Court Opinion

ID: 5320868
Source: CourtListenerOpinion
Date Created: 2022-01-08 04:30:58.048204+00
Date Added: 2024-06-11T08:29:19.753642
License: Public Domain

Townley, J.
These two actions, commenced May 17, 1926, and tried together, were brought to recover damages resulting from the negligence of the defendant. The infant plaintiff recovered a verdict for $1,000 and the father of the plaintiff recovered a verdict for $250 for loss of services. The cases were tried in 1931. The venue of each cause of action was laid in the Supreme Court, *456Bronx county. On the objection of the defendant, the clerk disallowed the bills of costs and the Special Term denied plaintiffs’ motions for an order directing the clerk to tax a full bill of costs in favor of each plaintiff.
Defendant’s objection to the allowance of the bill of costs is based on subdivision 1 of section 1474 of the Civil Practice Act, which reads as follows: “The plaintiff shall recover no costs or disbursements:
“1. In an action brought in the Supreme Court triable in any county in the city of New York, which could have been brought, except for the amount claimed therein, in the City Court of the City of New York, and in which the defendant shall have been served with process within the city of New York, unless he shall recovei two thousand dollars or more.” (As amd. by Laws of 1926, chap. 459, in effect January 1, 1927.)

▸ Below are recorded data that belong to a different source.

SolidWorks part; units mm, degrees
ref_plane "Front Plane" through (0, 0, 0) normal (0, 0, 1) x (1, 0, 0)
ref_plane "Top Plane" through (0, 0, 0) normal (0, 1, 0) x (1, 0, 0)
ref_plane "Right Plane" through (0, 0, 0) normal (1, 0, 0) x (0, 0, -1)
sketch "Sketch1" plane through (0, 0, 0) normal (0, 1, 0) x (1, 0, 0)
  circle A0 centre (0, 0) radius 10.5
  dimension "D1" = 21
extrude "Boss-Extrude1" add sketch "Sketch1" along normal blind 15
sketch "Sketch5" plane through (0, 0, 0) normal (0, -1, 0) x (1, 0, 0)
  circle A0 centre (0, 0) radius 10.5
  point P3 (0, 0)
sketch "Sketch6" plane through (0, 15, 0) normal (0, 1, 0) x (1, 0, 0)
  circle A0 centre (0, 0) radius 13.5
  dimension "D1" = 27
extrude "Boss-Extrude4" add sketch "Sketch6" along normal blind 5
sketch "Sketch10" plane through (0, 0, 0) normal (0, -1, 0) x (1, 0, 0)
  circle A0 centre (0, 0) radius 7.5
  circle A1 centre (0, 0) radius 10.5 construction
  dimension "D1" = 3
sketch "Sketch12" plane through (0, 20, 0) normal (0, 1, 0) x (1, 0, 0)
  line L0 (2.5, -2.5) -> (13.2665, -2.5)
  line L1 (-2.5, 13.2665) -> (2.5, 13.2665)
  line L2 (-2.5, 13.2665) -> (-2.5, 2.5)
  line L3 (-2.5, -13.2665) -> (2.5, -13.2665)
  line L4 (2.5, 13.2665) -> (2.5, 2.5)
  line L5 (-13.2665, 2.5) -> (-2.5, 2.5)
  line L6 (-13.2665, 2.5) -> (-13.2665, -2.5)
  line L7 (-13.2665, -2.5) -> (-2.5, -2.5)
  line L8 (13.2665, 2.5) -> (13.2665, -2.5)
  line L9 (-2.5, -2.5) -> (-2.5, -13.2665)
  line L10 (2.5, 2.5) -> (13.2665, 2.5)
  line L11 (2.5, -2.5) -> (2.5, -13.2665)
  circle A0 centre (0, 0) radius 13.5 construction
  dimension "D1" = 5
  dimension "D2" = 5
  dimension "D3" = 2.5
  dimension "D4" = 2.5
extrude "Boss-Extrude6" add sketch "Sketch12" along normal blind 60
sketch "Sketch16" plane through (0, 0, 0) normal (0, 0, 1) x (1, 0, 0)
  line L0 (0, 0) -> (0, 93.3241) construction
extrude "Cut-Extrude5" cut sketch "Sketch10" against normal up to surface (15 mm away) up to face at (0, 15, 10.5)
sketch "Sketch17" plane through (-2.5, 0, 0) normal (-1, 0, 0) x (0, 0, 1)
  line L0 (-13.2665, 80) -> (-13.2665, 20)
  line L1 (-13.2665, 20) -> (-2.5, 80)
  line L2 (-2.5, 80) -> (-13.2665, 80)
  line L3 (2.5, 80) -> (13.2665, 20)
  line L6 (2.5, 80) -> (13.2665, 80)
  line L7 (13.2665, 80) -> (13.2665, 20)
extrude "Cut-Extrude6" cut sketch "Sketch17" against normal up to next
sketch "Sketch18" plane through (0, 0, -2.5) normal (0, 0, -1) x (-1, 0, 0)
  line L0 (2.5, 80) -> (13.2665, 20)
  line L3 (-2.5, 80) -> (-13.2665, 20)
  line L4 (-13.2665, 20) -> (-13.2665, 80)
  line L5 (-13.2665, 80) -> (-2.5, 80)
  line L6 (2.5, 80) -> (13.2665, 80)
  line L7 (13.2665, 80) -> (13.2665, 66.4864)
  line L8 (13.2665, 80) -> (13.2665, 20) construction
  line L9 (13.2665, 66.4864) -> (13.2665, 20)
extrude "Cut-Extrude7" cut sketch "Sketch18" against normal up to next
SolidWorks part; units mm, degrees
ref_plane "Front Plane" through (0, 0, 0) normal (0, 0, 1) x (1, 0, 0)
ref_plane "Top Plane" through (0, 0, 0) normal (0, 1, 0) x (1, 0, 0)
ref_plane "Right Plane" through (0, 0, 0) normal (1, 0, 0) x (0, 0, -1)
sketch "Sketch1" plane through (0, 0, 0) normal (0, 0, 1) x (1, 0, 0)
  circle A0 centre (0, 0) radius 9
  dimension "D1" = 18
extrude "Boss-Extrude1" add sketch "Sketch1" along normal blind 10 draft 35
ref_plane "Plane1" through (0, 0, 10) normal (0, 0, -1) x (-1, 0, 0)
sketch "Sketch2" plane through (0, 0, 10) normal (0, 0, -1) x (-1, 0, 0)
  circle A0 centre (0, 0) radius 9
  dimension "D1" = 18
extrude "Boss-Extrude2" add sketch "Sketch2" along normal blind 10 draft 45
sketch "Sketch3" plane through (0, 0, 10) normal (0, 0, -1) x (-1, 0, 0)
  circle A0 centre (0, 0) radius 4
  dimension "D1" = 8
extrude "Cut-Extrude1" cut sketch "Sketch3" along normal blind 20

Respondent’s position is that costs are determined by the law in force regulating them at the time of judgment. (See Dreyer v. Shapiro, 143 Misc. 170, Cropsey, J., and cases there cited.) It is argued that since plaintiffs could have begun their actions in the City Court at the time of judgment, they are not entitled to the costs which naturally attach to a judgment in the Supreme Court. The vice of respondent’s argument comes from a failure to distinguish between the rule of law to be applied when costs have been changed during the course of litigation and the rule applicable when, after a litigation has been properly started in the Supreme Court, the jurisdiction of an inferior court is extended to embrace actions theretofore barred.
At the time plaintiffs' actions were brought it had been held that the City Court of New York had no jurisdiction against the city of New York. (O’Connor v. City of New York, 120 App. Div. 875; affd., 191 N. Y. 238; Gaines v. City of New York, 156 App. Div. 789.) This was changed by the act, in effect January 1, 1927, based on the constitutional amendment, which made the City Court a constitutional court. (New York City Court Act [Laws of 1926, chap. 539], §§ 16, 48, subd. 4.) Thus at the time the actions were brought, they could not have been brought in the City Court. The creation of an inferior court or the enlargement of its jurisdiction has no connection with litigation then properly pending in the Supreme Court, and whatever costs are provided at the time of judgment for the Supreme Court apply to all cases properly commenced therein.
It is urged that at least the action for loss of services could have been brought in the Municipal Court. It is a sufficient answer that, as subdivisions 1 and 2 of section 1474 of the Civil Practice Act now *457read, there is no statutory penalty for suing in the Supreme Court when one could, except for the sum demanded, have sued in the Municipal Court, unless such Municipal Court suit could also have been brought in the City Court. No provision has been made for the class of actions over which, prior to 1927, the City Court had no jurisdiction. If subdivision 2 of section 1474 of the Civil Practice Act as it read in 1926 is to be considered, the plaintiff recovered the minimum amount therein mentioned, $250, and is entitled to a full bill of costs under that section.
The order should be reversed, with ten dollars costs and disbursements, and the motion granted.
Finch, P. J., McAvoy, Martin and O’Malley, JJ., concur.
In each case: Order reversed, with ten dollars costs and disbursements, and motion granted.